EXERCISE - Lines to restate from the data below: from the one containing "156.5h1.3M72.1 156.5h1.3M74.1 156.5h1.4M76.2" to the one containing "169.8v1.4M22.6 172v1.4M22.6 174.2v1.4M22.6", both included. Give them again exactly, and only them.

(Records from a data collection)
== Segment start ==

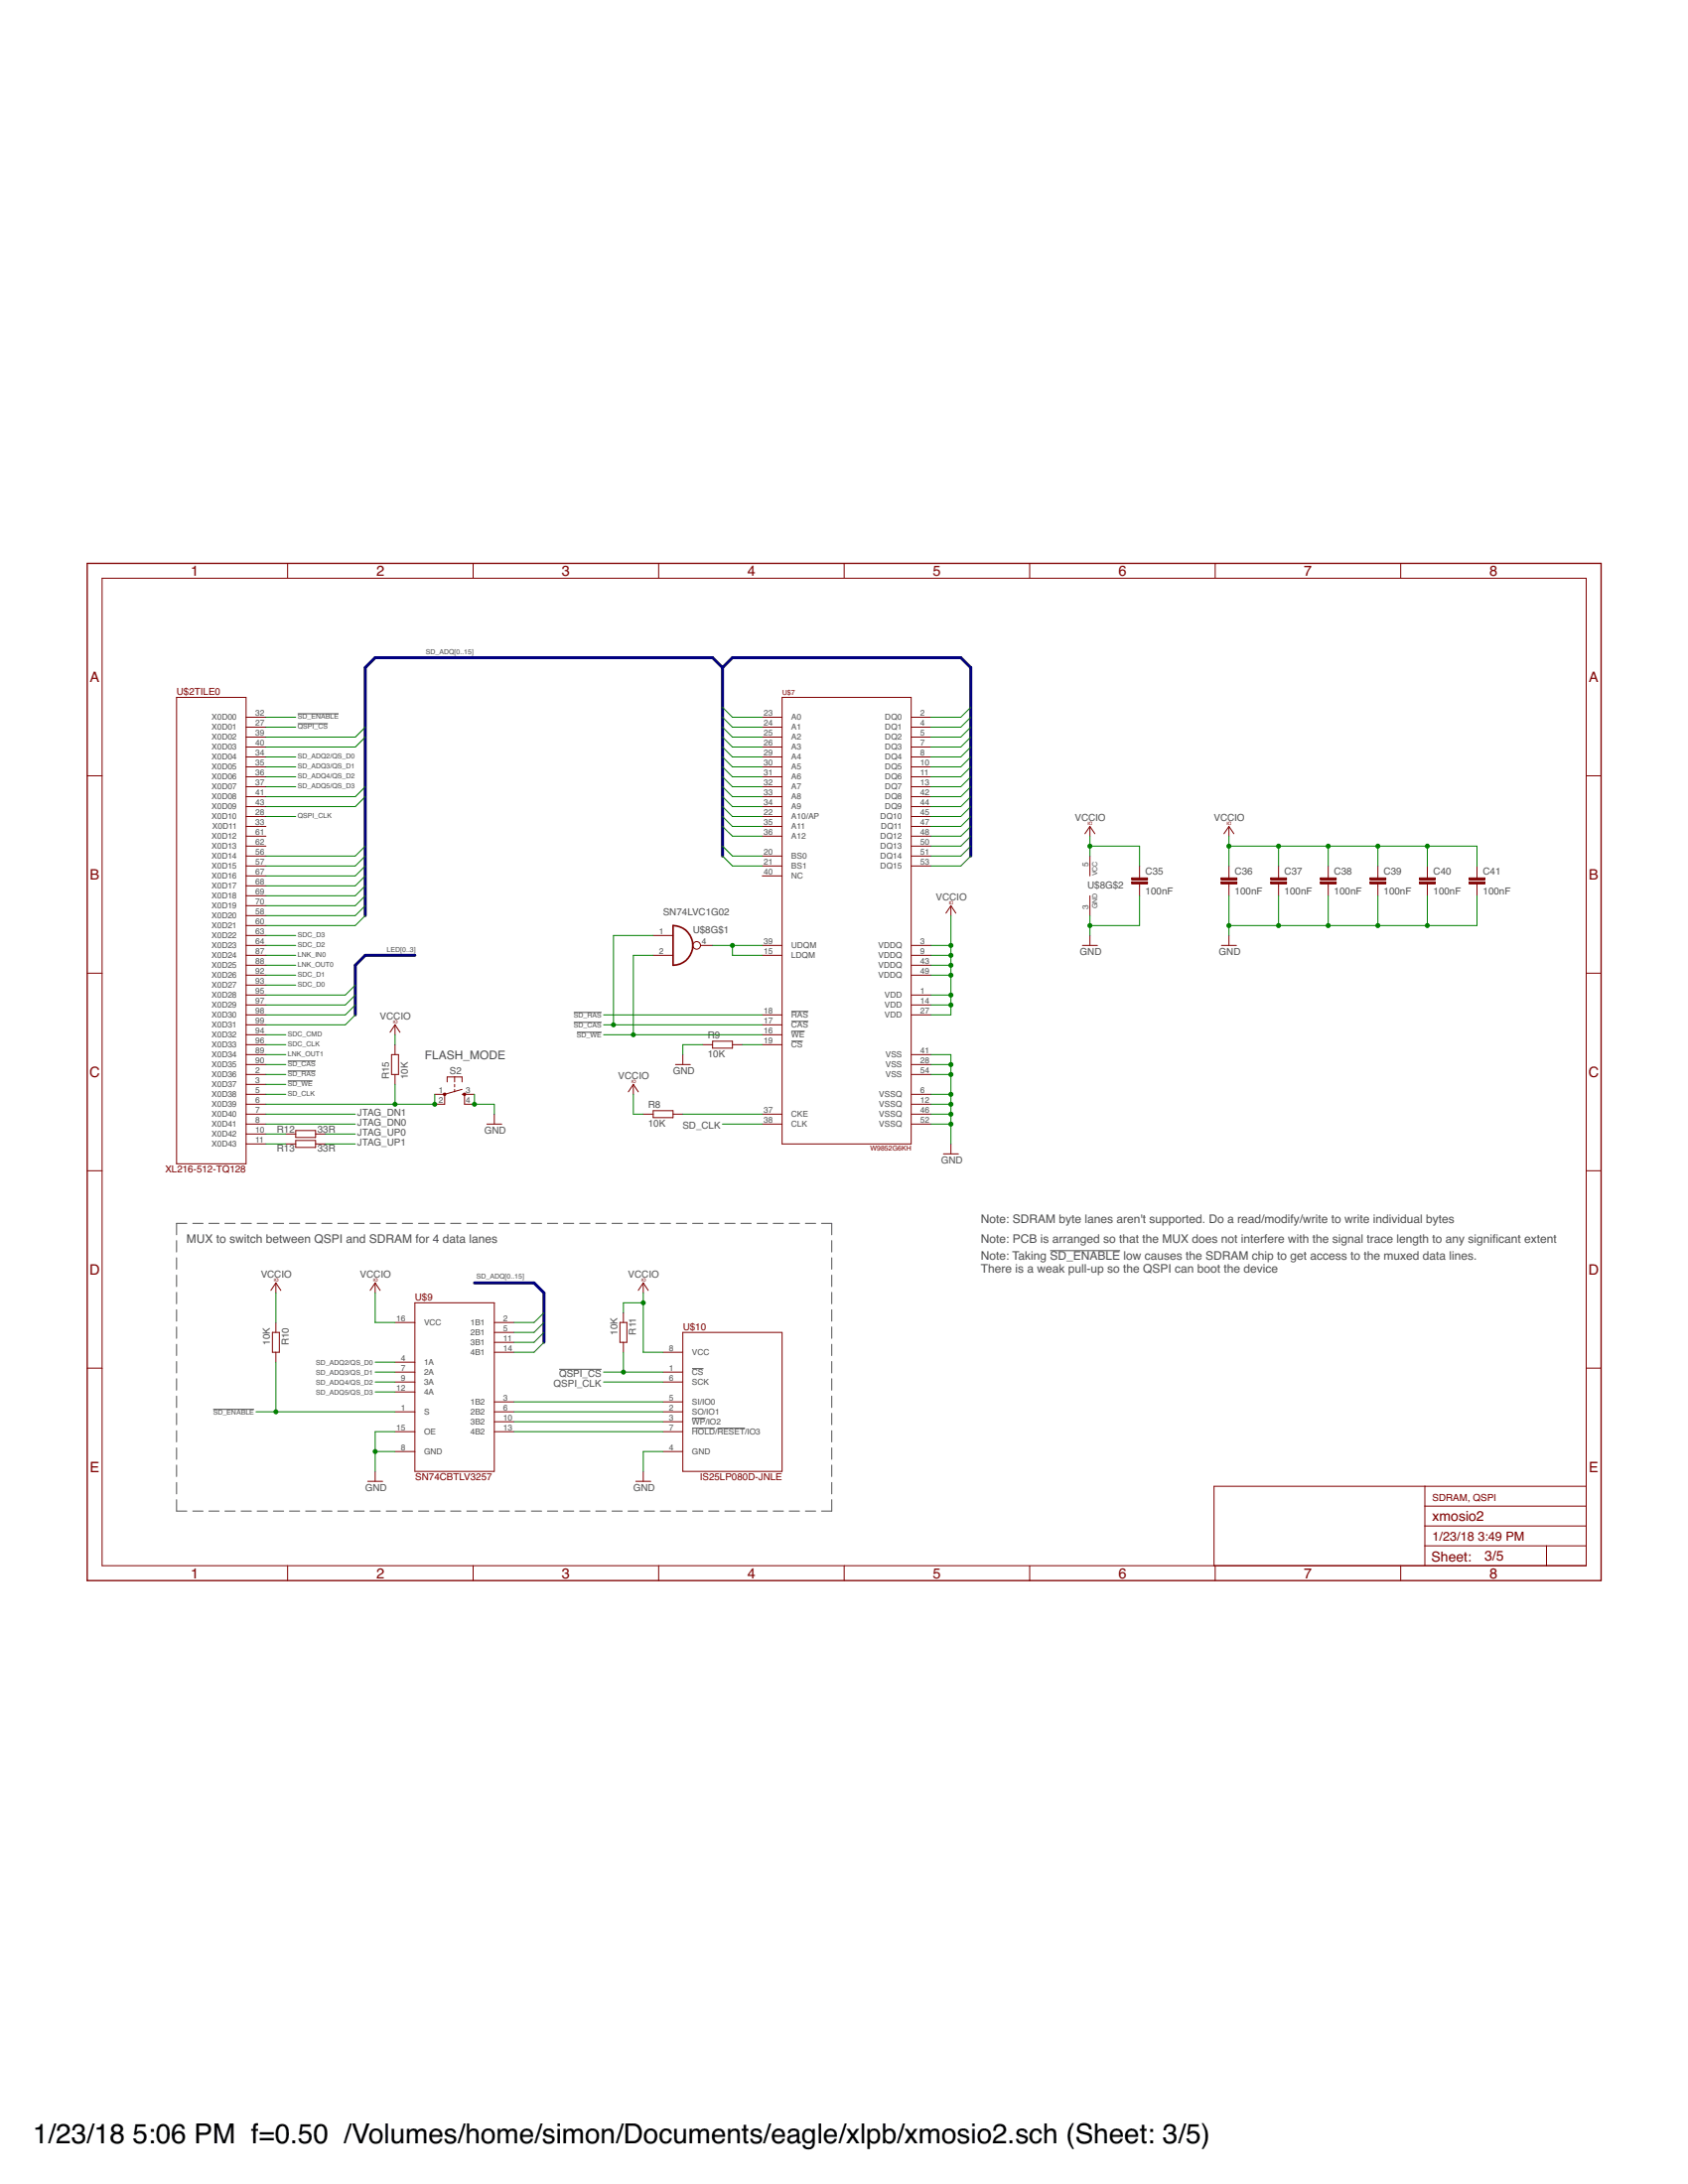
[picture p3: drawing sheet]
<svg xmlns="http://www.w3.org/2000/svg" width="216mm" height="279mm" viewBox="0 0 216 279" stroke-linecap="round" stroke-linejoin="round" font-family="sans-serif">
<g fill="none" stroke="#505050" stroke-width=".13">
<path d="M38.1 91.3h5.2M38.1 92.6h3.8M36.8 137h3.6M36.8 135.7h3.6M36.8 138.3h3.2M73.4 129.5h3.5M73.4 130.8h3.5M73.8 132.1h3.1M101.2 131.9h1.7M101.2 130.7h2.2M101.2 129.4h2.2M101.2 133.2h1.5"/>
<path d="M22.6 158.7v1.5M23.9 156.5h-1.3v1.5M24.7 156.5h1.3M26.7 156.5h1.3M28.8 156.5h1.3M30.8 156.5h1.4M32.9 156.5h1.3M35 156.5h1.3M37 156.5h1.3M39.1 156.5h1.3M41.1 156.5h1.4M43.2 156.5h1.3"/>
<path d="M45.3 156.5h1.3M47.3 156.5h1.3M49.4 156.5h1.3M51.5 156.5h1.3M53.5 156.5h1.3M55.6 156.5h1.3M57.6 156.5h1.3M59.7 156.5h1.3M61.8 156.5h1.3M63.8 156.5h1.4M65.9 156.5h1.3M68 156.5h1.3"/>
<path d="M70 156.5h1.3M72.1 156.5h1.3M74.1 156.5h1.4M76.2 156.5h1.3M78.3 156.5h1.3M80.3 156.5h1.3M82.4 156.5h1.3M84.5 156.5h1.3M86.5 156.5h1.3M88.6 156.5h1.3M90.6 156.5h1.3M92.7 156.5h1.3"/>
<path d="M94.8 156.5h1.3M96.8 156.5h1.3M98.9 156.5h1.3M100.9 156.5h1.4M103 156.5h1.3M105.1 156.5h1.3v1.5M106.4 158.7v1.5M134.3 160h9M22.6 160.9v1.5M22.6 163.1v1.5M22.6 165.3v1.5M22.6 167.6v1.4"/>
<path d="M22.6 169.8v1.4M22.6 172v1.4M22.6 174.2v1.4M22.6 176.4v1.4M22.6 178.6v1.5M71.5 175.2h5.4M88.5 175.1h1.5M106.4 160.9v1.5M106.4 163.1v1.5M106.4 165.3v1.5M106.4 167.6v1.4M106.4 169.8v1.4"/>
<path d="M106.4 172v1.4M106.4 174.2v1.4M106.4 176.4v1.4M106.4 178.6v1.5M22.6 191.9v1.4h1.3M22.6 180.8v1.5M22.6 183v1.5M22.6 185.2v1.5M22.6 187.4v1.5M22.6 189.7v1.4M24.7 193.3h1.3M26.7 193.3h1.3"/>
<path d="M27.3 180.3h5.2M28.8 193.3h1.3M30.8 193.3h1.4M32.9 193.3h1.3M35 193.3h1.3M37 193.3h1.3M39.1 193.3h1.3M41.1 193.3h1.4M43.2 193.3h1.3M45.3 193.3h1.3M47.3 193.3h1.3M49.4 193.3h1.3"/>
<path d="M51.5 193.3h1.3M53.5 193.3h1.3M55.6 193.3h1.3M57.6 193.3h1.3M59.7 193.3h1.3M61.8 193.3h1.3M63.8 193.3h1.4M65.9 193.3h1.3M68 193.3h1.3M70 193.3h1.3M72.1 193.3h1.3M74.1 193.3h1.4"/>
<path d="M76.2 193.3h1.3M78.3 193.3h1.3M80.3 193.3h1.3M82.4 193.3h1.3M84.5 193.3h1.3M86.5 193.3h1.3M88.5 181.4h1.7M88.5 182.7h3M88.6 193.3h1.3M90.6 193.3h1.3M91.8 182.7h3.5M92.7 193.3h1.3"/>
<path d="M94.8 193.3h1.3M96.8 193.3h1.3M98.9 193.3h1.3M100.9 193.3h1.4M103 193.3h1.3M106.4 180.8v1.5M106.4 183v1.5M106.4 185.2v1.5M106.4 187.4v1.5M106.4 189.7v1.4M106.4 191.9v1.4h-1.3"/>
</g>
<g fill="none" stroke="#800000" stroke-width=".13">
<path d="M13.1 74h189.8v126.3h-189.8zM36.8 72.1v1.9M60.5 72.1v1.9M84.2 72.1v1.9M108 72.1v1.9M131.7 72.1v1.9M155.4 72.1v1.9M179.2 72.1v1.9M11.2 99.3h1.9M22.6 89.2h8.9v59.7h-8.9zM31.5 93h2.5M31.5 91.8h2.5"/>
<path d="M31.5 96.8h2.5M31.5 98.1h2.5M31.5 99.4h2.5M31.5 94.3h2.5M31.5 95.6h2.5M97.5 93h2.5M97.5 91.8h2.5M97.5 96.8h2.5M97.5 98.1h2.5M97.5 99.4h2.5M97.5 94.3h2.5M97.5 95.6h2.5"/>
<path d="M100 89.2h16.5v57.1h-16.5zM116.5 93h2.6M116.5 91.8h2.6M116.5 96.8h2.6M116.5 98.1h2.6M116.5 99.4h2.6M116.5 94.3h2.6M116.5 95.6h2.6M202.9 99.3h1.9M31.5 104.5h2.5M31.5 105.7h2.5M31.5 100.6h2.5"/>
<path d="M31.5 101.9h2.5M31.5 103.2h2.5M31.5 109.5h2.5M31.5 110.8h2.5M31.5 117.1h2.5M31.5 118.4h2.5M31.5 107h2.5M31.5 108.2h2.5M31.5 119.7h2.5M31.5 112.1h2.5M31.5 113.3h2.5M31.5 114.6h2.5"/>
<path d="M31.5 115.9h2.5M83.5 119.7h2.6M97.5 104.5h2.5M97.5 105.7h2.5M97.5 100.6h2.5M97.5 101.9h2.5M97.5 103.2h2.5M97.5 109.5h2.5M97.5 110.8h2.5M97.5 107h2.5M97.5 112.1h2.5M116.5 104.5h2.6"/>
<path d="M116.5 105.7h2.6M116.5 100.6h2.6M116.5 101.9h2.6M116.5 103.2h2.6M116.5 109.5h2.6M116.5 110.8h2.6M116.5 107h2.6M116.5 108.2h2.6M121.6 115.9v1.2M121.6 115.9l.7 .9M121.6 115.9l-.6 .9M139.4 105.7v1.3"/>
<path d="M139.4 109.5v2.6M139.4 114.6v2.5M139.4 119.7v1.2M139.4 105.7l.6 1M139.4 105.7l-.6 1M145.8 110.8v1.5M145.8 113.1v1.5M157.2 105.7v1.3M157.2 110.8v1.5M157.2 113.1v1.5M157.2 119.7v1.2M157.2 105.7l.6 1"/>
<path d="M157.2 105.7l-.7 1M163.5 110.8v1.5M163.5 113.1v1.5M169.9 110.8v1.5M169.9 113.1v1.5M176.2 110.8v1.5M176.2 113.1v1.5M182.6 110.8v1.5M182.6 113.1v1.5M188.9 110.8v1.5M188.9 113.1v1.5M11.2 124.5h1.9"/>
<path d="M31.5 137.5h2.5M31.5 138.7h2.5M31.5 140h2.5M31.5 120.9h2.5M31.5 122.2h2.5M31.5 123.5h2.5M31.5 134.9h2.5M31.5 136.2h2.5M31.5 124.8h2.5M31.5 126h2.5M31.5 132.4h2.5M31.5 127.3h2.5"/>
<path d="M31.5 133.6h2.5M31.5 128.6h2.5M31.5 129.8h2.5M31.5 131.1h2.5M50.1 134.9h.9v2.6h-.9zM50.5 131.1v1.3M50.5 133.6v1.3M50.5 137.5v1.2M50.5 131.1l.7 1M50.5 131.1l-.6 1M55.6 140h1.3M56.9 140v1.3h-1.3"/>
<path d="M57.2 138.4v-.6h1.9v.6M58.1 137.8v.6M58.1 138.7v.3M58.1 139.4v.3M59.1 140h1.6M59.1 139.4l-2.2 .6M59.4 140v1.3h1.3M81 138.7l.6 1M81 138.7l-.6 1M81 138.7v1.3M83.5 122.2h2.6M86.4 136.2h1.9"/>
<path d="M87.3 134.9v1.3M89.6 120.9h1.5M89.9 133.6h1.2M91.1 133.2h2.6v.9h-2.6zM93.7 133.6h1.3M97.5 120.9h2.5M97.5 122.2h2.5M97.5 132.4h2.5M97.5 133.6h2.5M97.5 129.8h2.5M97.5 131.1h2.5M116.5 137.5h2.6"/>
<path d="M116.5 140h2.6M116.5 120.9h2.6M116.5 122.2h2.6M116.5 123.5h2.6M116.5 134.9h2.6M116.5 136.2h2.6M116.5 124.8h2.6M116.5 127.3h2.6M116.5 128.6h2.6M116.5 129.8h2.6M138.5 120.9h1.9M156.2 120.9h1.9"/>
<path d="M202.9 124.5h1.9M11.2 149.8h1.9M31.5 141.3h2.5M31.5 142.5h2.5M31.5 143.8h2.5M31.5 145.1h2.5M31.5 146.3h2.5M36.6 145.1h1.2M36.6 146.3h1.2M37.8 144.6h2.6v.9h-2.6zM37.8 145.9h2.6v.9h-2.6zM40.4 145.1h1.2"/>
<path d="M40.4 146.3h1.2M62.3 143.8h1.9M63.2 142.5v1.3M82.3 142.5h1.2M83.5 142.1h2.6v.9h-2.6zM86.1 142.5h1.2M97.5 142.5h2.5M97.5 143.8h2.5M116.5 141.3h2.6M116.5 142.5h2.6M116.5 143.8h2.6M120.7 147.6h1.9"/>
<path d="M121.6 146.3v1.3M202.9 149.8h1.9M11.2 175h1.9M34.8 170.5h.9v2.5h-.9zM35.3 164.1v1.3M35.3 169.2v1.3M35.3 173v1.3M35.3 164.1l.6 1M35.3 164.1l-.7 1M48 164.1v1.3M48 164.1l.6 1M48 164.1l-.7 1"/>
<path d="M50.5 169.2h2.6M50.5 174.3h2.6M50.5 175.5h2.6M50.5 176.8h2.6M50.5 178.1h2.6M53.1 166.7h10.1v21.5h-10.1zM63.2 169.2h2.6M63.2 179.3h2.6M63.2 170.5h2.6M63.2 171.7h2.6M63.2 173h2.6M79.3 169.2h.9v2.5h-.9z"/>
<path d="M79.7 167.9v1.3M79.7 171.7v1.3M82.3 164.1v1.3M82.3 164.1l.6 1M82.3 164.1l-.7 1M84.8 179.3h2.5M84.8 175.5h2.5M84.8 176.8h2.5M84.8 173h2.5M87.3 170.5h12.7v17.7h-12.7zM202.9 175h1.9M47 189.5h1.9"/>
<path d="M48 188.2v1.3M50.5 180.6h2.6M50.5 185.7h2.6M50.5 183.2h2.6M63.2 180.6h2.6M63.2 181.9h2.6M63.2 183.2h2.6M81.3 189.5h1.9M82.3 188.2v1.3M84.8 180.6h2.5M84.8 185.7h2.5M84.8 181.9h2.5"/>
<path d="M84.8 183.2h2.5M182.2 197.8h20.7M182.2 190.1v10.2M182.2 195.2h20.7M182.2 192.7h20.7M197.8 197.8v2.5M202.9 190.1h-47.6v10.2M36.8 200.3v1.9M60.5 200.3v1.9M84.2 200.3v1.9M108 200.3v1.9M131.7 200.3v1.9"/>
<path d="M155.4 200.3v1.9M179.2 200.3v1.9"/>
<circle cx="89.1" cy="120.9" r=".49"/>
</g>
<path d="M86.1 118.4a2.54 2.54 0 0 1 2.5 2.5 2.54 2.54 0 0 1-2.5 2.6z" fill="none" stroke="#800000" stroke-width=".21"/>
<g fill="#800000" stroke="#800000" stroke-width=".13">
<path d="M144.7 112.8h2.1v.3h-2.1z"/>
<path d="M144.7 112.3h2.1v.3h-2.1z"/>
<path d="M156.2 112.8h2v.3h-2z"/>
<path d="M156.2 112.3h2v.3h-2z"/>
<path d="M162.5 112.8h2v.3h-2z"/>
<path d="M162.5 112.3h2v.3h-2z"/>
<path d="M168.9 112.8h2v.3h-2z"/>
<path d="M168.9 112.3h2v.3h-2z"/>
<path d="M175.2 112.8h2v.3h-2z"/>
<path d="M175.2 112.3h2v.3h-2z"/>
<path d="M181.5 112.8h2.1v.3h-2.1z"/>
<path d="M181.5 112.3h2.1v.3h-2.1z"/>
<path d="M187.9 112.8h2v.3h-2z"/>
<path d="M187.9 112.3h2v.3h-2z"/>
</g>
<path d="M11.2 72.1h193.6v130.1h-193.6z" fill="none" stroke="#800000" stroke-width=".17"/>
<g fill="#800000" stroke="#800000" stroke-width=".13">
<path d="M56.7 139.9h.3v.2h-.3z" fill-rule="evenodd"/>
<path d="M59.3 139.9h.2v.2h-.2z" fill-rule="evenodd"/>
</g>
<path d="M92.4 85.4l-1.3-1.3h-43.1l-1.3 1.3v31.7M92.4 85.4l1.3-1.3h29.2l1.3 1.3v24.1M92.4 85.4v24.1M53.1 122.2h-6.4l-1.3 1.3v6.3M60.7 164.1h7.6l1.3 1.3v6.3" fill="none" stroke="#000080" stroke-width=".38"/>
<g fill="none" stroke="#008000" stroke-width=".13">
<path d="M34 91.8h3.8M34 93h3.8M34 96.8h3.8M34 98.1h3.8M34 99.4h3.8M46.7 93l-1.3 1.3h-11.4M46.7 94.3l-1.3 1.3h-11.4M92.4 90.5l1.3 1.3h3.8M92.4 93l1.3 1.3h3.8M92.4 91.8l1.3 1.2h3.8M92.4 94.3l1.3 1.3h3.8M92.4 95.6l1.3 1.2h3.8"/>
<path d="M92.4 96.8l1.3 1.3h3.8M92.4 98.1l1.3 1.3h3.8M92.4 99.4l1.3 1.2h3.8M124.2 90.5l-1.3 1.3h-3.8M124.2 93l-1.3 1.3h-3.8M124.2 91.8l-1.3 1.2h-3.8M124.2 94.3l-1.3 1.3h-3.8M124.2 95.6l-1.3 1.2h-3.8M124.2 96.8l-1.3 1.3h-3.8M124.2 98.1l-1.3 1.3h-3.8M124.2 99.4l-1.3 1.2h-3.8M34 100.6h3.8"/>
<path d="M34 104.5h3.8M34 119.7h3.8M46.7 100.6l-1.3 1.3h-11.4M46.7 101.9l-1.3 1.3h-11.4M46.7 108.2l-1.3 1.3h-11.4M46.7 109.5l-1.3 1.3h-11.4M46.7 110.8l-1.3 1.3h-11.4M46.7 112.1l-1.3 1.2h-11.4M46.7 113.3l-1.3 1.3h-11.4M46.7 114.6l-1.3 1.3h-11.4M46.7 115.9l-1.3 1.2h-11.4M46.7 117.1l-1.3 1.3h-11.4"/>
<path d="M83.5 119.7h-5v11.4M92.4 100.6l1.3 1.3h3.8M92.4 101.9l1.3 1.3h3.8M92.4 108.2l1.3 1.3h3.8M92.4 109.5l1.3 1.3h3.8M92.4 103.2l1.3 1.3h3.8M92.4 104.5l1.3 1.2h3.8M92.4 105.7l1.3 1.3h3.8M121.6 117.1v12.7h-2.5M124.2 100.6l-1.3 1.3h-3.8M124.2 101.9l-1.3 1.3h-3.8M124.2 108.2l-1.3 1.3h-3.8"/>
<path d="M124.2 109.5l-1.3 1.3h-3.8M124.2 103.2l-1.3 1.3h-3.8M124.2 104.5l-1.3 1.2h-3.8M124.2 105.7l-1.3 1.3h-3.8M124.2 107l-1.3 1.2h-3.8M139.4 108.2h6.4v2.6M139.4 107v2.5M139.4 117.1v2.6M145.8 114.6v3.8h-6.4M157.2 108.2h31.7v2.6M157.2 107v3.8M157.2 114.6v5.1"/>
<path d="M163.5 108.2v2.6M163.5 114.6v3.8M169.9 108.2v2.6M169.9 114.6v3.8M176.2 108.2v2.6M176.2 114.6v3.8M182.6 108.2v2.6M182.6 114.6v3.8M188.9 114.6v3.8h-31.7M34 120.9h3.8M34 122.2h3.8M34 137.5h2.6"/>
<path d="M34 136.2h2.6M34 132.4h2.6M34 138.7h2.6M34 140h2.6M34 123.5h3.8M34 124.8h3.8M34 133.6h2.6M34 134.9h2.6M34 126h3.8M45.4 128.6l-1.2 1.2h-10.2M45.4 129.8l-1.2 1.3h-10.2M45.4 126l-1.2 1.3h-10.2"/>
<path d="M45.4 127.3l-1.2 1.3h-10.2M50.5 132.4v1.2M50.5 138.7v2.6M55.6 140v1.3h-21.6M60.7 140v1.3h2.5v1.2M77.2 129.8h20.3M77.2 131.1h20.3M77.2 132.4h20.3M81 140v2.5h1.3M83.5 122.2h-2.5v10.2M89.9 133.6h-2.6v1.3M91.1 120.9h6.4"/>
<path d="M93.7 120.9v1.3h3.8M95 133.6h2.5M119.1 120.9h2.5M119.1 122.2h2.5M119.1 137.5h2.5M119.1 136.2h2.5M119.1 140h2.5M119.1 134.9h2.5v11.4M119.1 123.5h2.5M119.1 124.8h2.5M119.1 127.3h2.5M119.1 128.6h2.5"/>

== Segment end ==

YOUR SOLUTION -
<path d="M70 156.5h1.3M72.1 156.5h1.3M74.1 156.5h1.4M76.2 156.5h1.3M78.3 156.5h1.3M80.3 156.5h1.3M82.4 156.5h1.3M84.5 156.5h1.3M86.5 156.5h1.3M88.6 156.5h1.3M90.6 156.5h1.3M92.7 156.5h1.3"/>
<path d="M94.8 156.5h1.3M96.8 156.5h1.3M98.9 156.5h1.3M100.9 156.5h1.4M103 156.5h1.3M105.1 156.5h1.3v1.5M106.4 158.7v1.5M134.3 160h9M22.6 160.9v1.5M22.6 163.1v1.5M22.6 165.3v1.5M22.6 167.6v1.4"/>
<path d="M22.6 169.8v1.4M22.6 172v1.4M22.6 174.2v1.4M22.6 176.4v1.4M22.6 178.6v1.5M71.5 175.2h5.4M88.5 175.1h1.5M106.4 160.9v1.5M106.4 163.1v1.5M106.4 165.3v1.5M106.4 167.6v1.4M106.4 169.8v1.4"/>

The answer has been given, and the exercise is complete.